In practice, there’s a little timing issue between iterations, so I also needed to nick a very handy sleep function off Stack Overflow and put a very short delay after doing the keyboard input, to give it time to update the output values.

const puppeteer = require('puppeteer');

function sleep(ms) {
  return new Promise(resolve => setTimeout(resolve, ms));
}

(async () => {
  const browser = await puppeteer.launch();
  const page = await browser.newPage();
  await page.goto('http://maltasalary.com/');
  
  console.log('Gross Net');
  
  for (var grossSalary = 15000; grossSalary <= 140000; grossSalary += 1000) {
    // Gross salary - keyboard input
    await page.focus("#salary");
  
    for (var i = 0; i < 6; i++)
      await page.keyboard.press('Backspace');
  
    await page.keyboard.type(grossSalary.toString());
    await sleep(10);
  
    // Net salary
    const netSalaryElement = await page.$('.net-yearly-result');
    const netSalary = await page.evaluate(element => element.textContent, netSalaryElement);

    console.log(grossSalary, netSalary);
  }

  await browser.close();
})(); 

This has the effect of outputting a pair of headings (“Gross Net”) followed by gross and net salary pairs:

Outputting the gross and net salaries in steps of 1,000 Euros (gross) at a time.

Making a Graph

Now that we have a program that spits out pairs of gross and net salaries, we can make a graph out of this data.
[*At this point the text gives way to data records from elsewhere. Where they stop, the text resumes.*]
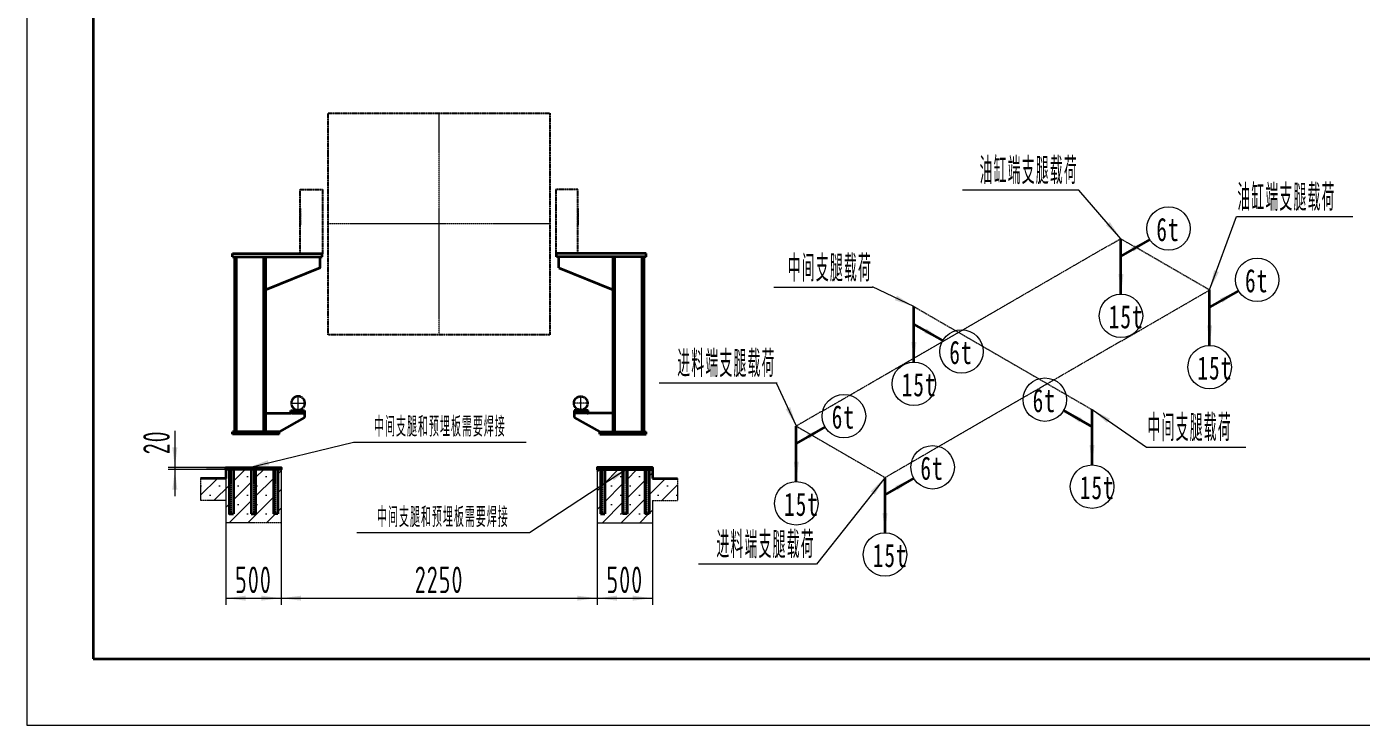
# Model space of a CAD drawing. Header units: millimetres. Extents: x -17820 to 17820, y -12600 to 12600.
# Drawn here: x -17820 to -5780, y -12600 to -6300 of the extents above; entities that cross this region are included whole.
import ezdxf

# ---------------------------------------------------------------- set-up
doc = ezdxf.new("R2010")
doc.units = ezdxf.units.MM
doc.linetypes.add('双点画线', pattern=[22, 12, -2, 2, -2, 2, -2])
doc.linetypes.add('点画线', pattern=[18, 12, -2, 2, -2])
doc.layers.get('0').update_dxf_attribs({"lineweight": 35})
for name, color, linetype, lineweight in [('EB0_1_1_1_1_1_1_1_1_1_1_1_1', 7, 'Continuous', 35), ('EB0_1_1_1_1_1_1_1_1_1_1_1_1_1_1_1_1_1', 7, 'Continuous', 35), ('中心线层', 1, '点画线', 18), ('尺寸线层', 3, 'Continuous', 18), ('粗实线层', 7, 'Continuous', 35), ('粗实线层_1_1_1_1_1_1_1_1', 7, 'Continuous', 35), ('细实线层', 2, 'Continuous', 18)]:
    doc.layers.add(name, color=color, linetype=linetype, lineweight=lineweight)
doc.styles.add('机械', font='isocp', dxfattribs={"width": 0.667, "bigfont": 'gbcbig.shx'})
doc.styles.add('标准', font='', dxfattribs={"width": 0.667})
doc.styles.get('标准').set_extended_font_data('宋体')
doc.dimstyles.new('标准', dxfattribs={"dimscale": 60, "dimtxt": 4, "dimasz": 3, "dimexe": 1, "dimexo": 0, "dimgap": 0.76128, "dimtad": 1, "dimdec": 1, "dimdsep": 46, "dimtxsty": '机械', "dimblk": '_CAXARROW', "dimcen": 0, "dimdle": 4, "dimclrt": 2, "dimaunit": 1, "dimazin": 2, "dimtfac": 0.707107, "dimtdec": 3, "dimtmove": 0, "dimatfit": 3, "dimfxl": 0, "dimfrac": 2, "dimtolj": 1, "dimlwd": 18, "dimarcsym": 0})

# ---------------------------------------------------------------- blocks, each defined once
blk = doc.blocks.new('*X2')
at = {"layer": '粗实线层'}
for p, q in [((-287, 200), (-287, -200)), ((-287, -200), (287, -200))]:
    blk.add_line(p, q, dxfattribs=at)
at = {"layer": '细实线层'}
for p, q in [((-297, 210), (-297, -210)), ((-297, -210), (297, -210))]:
    blk.add_line(p, q, dxfattribs=at)
blk = doc.blocks.new('BLOCK11_1')
at = {"layer": '粗实线层'}
blk.add_hatch(color=256, dxfattribs=at).paths.add_polyline_path([(-476, -122), (-476, -117), (-476, -102), (24, -102), (24, -122)], flags=0)
blk.add_lwpolyline([(-476, -122), (-476, -102), (24, -102), (24, -122)], close=True, dxfattribs=at)
blk = doc.blocks.new('*X242')
at = {"layer": '尺寸线层', "linetype": 'Continuous', "lineweight": 18}
for points in [[(-16483, -10274), (-16461, -10094), (-16506, -10094)], [(-16483, -10294), (-16461, -10474), (-16506, -10474)]]:
    blk.add_hatch(color=0, dxfattribs=at).paths.add_polyline_path(points, flags=0)
at = {"layer": '尺寸线层', "color": 0, "linetype": 'Continuous', "lineweight": 18}
blk.add_line((-16483, -9943), (-16483, -10534), dxfattribs=at)
at = {"layer": '尺寸线层', "color": 0, "linetype": 'Continuous'}
for p, q in [((-16024, -10274), (-16543, -10274)), ((-16024, -10294), (-16543, -10294))]:
    blk.add_line(p, q, dxfattribs=at)
at = {"layer": '尺寸线层', "color": 2, "insert": (-16649, -10048), "char_height": 240, "width": 480, "attachment_point": 5, "rotation": 90, "line_spacing_factor": 0.939812, "style": '机械'}
blk.add_mtext('\\T1.1;20', dxfattribs=at)
blk = doc.blocks.new('_CAXARROW')
blk.add_hatch(color=2).paths.add_polyline_path([(0, 0), (-1, 0.125), (-1, -0.125)], flags=0)
blk = doc.blocks.new('*X243')
at = {"layer": '尺寸线层', "linetype": 'Continuous', "lineweight": 18}
for points in [[(-16024, -11454), (-15844, -11431), (-15844, -11476)], [(-15524, -11454), (-15704, -11431), (-15704, -11476)]]:
    blk.add_hatch(color=0, dxfattribs=at).paths.add_polyline_path(points, flags=0)
at = {"layer": '尺寸线层', "color": 0, "linetype": 'Continuous'}
for p, q in [((-16024, -10294), (-16024, -11514)), ((-15524, -10294), (-15524, -11514))]:
    blk.add_line(p, q, dxfattribs=at)
at = {"layer": '尺寸线层', "color": 0, "linetype": 'Continuous', "lineweight": 18}
blk.add_line((-16024, -11454), (-15524, -11454), dxfattribs=at)
at = {"layer": '尺寸线层', "color": 2, "insert": (-15774, -11288), "char_height": 240, "width": 658.61, "attachment_point": 5, "line_spacing_factor": 0.939812, "style": '机械'}
blk.add_mtext('\\T1.1;500', dxfattribs=at)
blk = doc.blocks.new('*X244')
at = {"layer": '尺寸线层', "linetype": 'Continuous', "lineweight": 18}
for points in [[(-15524, -11454), (-15344, -11431), (-15344, -11476)], [(-12674, -11454), (-12854, -11431), (-12854, -11476)]]:
    blk.add_hatch(color=0, dxfattribs=at).paths.add_polyline_path(points, flags=0)
at = {"layer": '尺寸线层', "color": 0, "linetype": 'Continuous'}
for p, q in [((-15524, -10294), (-15524, -11514)), ((-12674, -10294), (-12674, -11514))]:
    blk.add_line(p, q, dxfattribs=at)
at = {"layer": '尺寸线层', "color": 0, "linetype": 'Continuous', "lineweight": 18}
blk.add_line((-15524, -11454), (-12674, -11454), dxfattribs=at)
at = {"layer": '尺寸线层', "color": 2, "insert": (-14099, -11288), "char_height": 240, "width": 919.32, "attachment_point": 5, "line_spacing_factor": 0.939812, "style": '机械'}
blk.add_mtext('\\T1.1;2250', dxfattribs=at)
blk = doc.blocks.new('*X245')
at = {"layer": '尺寸线层', "linetype": 'Continuous'}
blk.add_hatch(color=0, dxfattribs=at).paths.add_polyline_path([(-12384, -10274), (-12523, -10391), (-12547, -10354)], flags=0)
at = {"layer": '尺寸线层', "color": 0, "linetype": 'Continuous'}
blk.add_line((-12384, -10274), (-13284, -10864), dxfattribs=at)
at = {"layer": '尺寸线层', "color": 0}
blk.add_line((-13284, -10864), (-14843, -10864), dxfattribs=at)
at = {"layer": '尺寸线层', "color": 2, "insert": (-14065, -10723), "char_height": 180, "width": 3111.55, "attachment_point": 5, "line_spacing_factor": 0.939812, "style": '机械'}
blk.add_mtext('\\T1.1;中间支腿和预埋板需要焊接', dxfattribs=at)
blk = doc.blocks.new('*X246')
at = {"layer": '尺寸线层', "linetype": 'Continuous'}
blk.add_hatch(color=0, dxfattribs=at).paths.add_polyline_path([(-15814, -10274), (-15645, -10210), (-15634, -10254)], flags=0)
at = {"layer": '尺寸线层', "color": 0, "linetype": 'Continuous'}
blk.add_line((-15814, -10274), (-14873, -10048), dxfattribs=at)
at = {"layer": '尺寸线层', "color": 0}
blk.add_line((-14873, -10048), (-13314, -10048), dxfattribs=at)
at = {"layer": '尺寸线层', "color": 2, "insert": (-14092, -9907), "char_height": 180, "width": 3111.55, "attachment_point": 5, "line_spacing_factor": 0.939812, "style": '机械'}
blk.add_mtext('\\T1.1;中间支腿和预埋板需要焊接', dxfattribs=at)
blk = doc.blocks.new('*X247')
at = {"layer": 'EB0_1_1_1_1_1_1_1_1_1_1_1_1_1_1_1_1_1'}
for p, q in [((-114, 801), (-924, 801)), ((-924, 771), (-924, 801)), ((-114, 771), (-924, 771)), ((-904, 671), (-904, 771)), ((-414, -809), (-414, 771)), ((-397, -809), (-397, 771)), ((-151, -809), (-151, 771)), ((-134, -809), (-134, 771)), ((-114, 771), (-114, 801)), ((-904, 671), (-414, 471)), ((-764, -617), (-764, -625)), ((-754, -617), (-764, -617)), ((-754, -625), (-764, -625)), ((-764, -625), (-764, -639)), ((-764, -639), (-754, -639)), ((-764, -639), (-764, -679)), ((-764, -679), (-534, -809)), ((-649, -617), (-754, -617)), ((-649, -625), (-754, -625)), ((-649, -639), (-754, -639)), ((-639, -617), (-649, -617)), ((-649, -625), (-639, -625)), ((-649, -639), (-639, -639)), ((-639, -625), (-639, -617)), ((-639, -639), (-639, -625)), ((-414, -639), (-639, -639)), ((-534, -809), (-114, -809)), ((-534, -829), (-534, -809)), ((-534, -829), (-114, -829)), ((-114, -829), (-114, -809))]:
    blk.add_line(p, q, dxfattribs=at)
at = {"layer": '中心线层', "linetype": '点画线', "lineweight": 18}
for p, q in [((-706, -620), (-706, -481)), ((-636, -550), (-775, -550))]:
    blk.add_line(p, q, dxfattribs=at)
at = {"layer": '细实线层', "color": 2, "linetype": '点画线', "lineweight": 18}
for radius in [66.5, 56.5]:
    blk.add_circle((-706, -550), radius, dxfattribs=at)
blk = doc.blocks.new('*X248')
at = {"layer": '尺寸线层', "linetype": 'Continuous', "lineweight": 18}
for points in [[(-12674, -11454), (-12494, -11431), (-12494, -11476)], [(-12174, -11454), (-12354, -11431), (-12354, -11476)]]:
    blk.add_hatch(color=0, dxfattribs=at).paths.add_polyline_path(points, flags=0)
at = {"layer": '尺寸线层', "color": 0, "linetype": 'Continuous'}
for p, q in [((-12674, -10774), (-12674, -11514)), ((-12174, -10774), (-12174, -11514))]:
    blk.add_line(p, q, dxfattribs=at)
at = {"layer": '尺寸线层', "color": 0, "linetype": 'Continuous', "lineweight": 18}
blk.add_line((-12674, -11454), (-12174, -11454), dxfattribs=at)
at = {"layer": '尺寸线层', "color": 2, "insert": (-12424, -11288), "char_height": 240, "width": 658.61, "attachment_point": 5, "line_spacing_factor": 0.939812, "style": '机械'}
blk.add_mtext('\\T1.1;500', dxfattribs=at)
blk = doc.blocks.new('*X249')
at = {"layer": '粗实线层'}
blk.add_hatch(color=256, dxfattribs=at).paths.add_polyline_path([(0, 0), (-22.5, 180), (22.5, 180)], flags=0)
blk.add_line((0, 0), (0, 500), dxfattribs=at)
blk = doc.blocks.new('*X250')
at = {"layer": '粗实线层'}
blk.add_hatch(color=256, dxfattribs=at).paths.add_polyline_path([(0, 0), (-145, -109), (-167, -71)], flags=0)
blk.add_line((0, 0), (-260, -150), dxfattribs=at)
blk = doc.blocks.new('*X251')
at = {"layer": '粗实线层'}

First, we dump all this into a file.

node netsalary.js > malta.csv

Although this is technically not really CSV data, it’s still very easy to open in spreadsheet software. For instance, when you open this file using LibreOffice Calc, you get the Text Import screen where you can choose to use space as the separator. This makes things easier given that the net salaries contain commas.

Choose Space as the separator to load the data correctly.

Once the data is in a spreadsheet, producing a chart is a relatively simple matter:

Graph showing how net salary changes with gross salary in Malta.

Now, this graph might look a little lonely, but you can already gather interesting insight by noticing its gradient and the fact that it isn’t entirely straight.

After doing this exercise for multiple countries, it’s fascinating to see how their lines compare when plotted on the same chart.

Aside from the allure of data analysis, I hope this article served to show how easy it is to use Puppeteer to perform simple browser automation, beyond the obvious UI automation testing.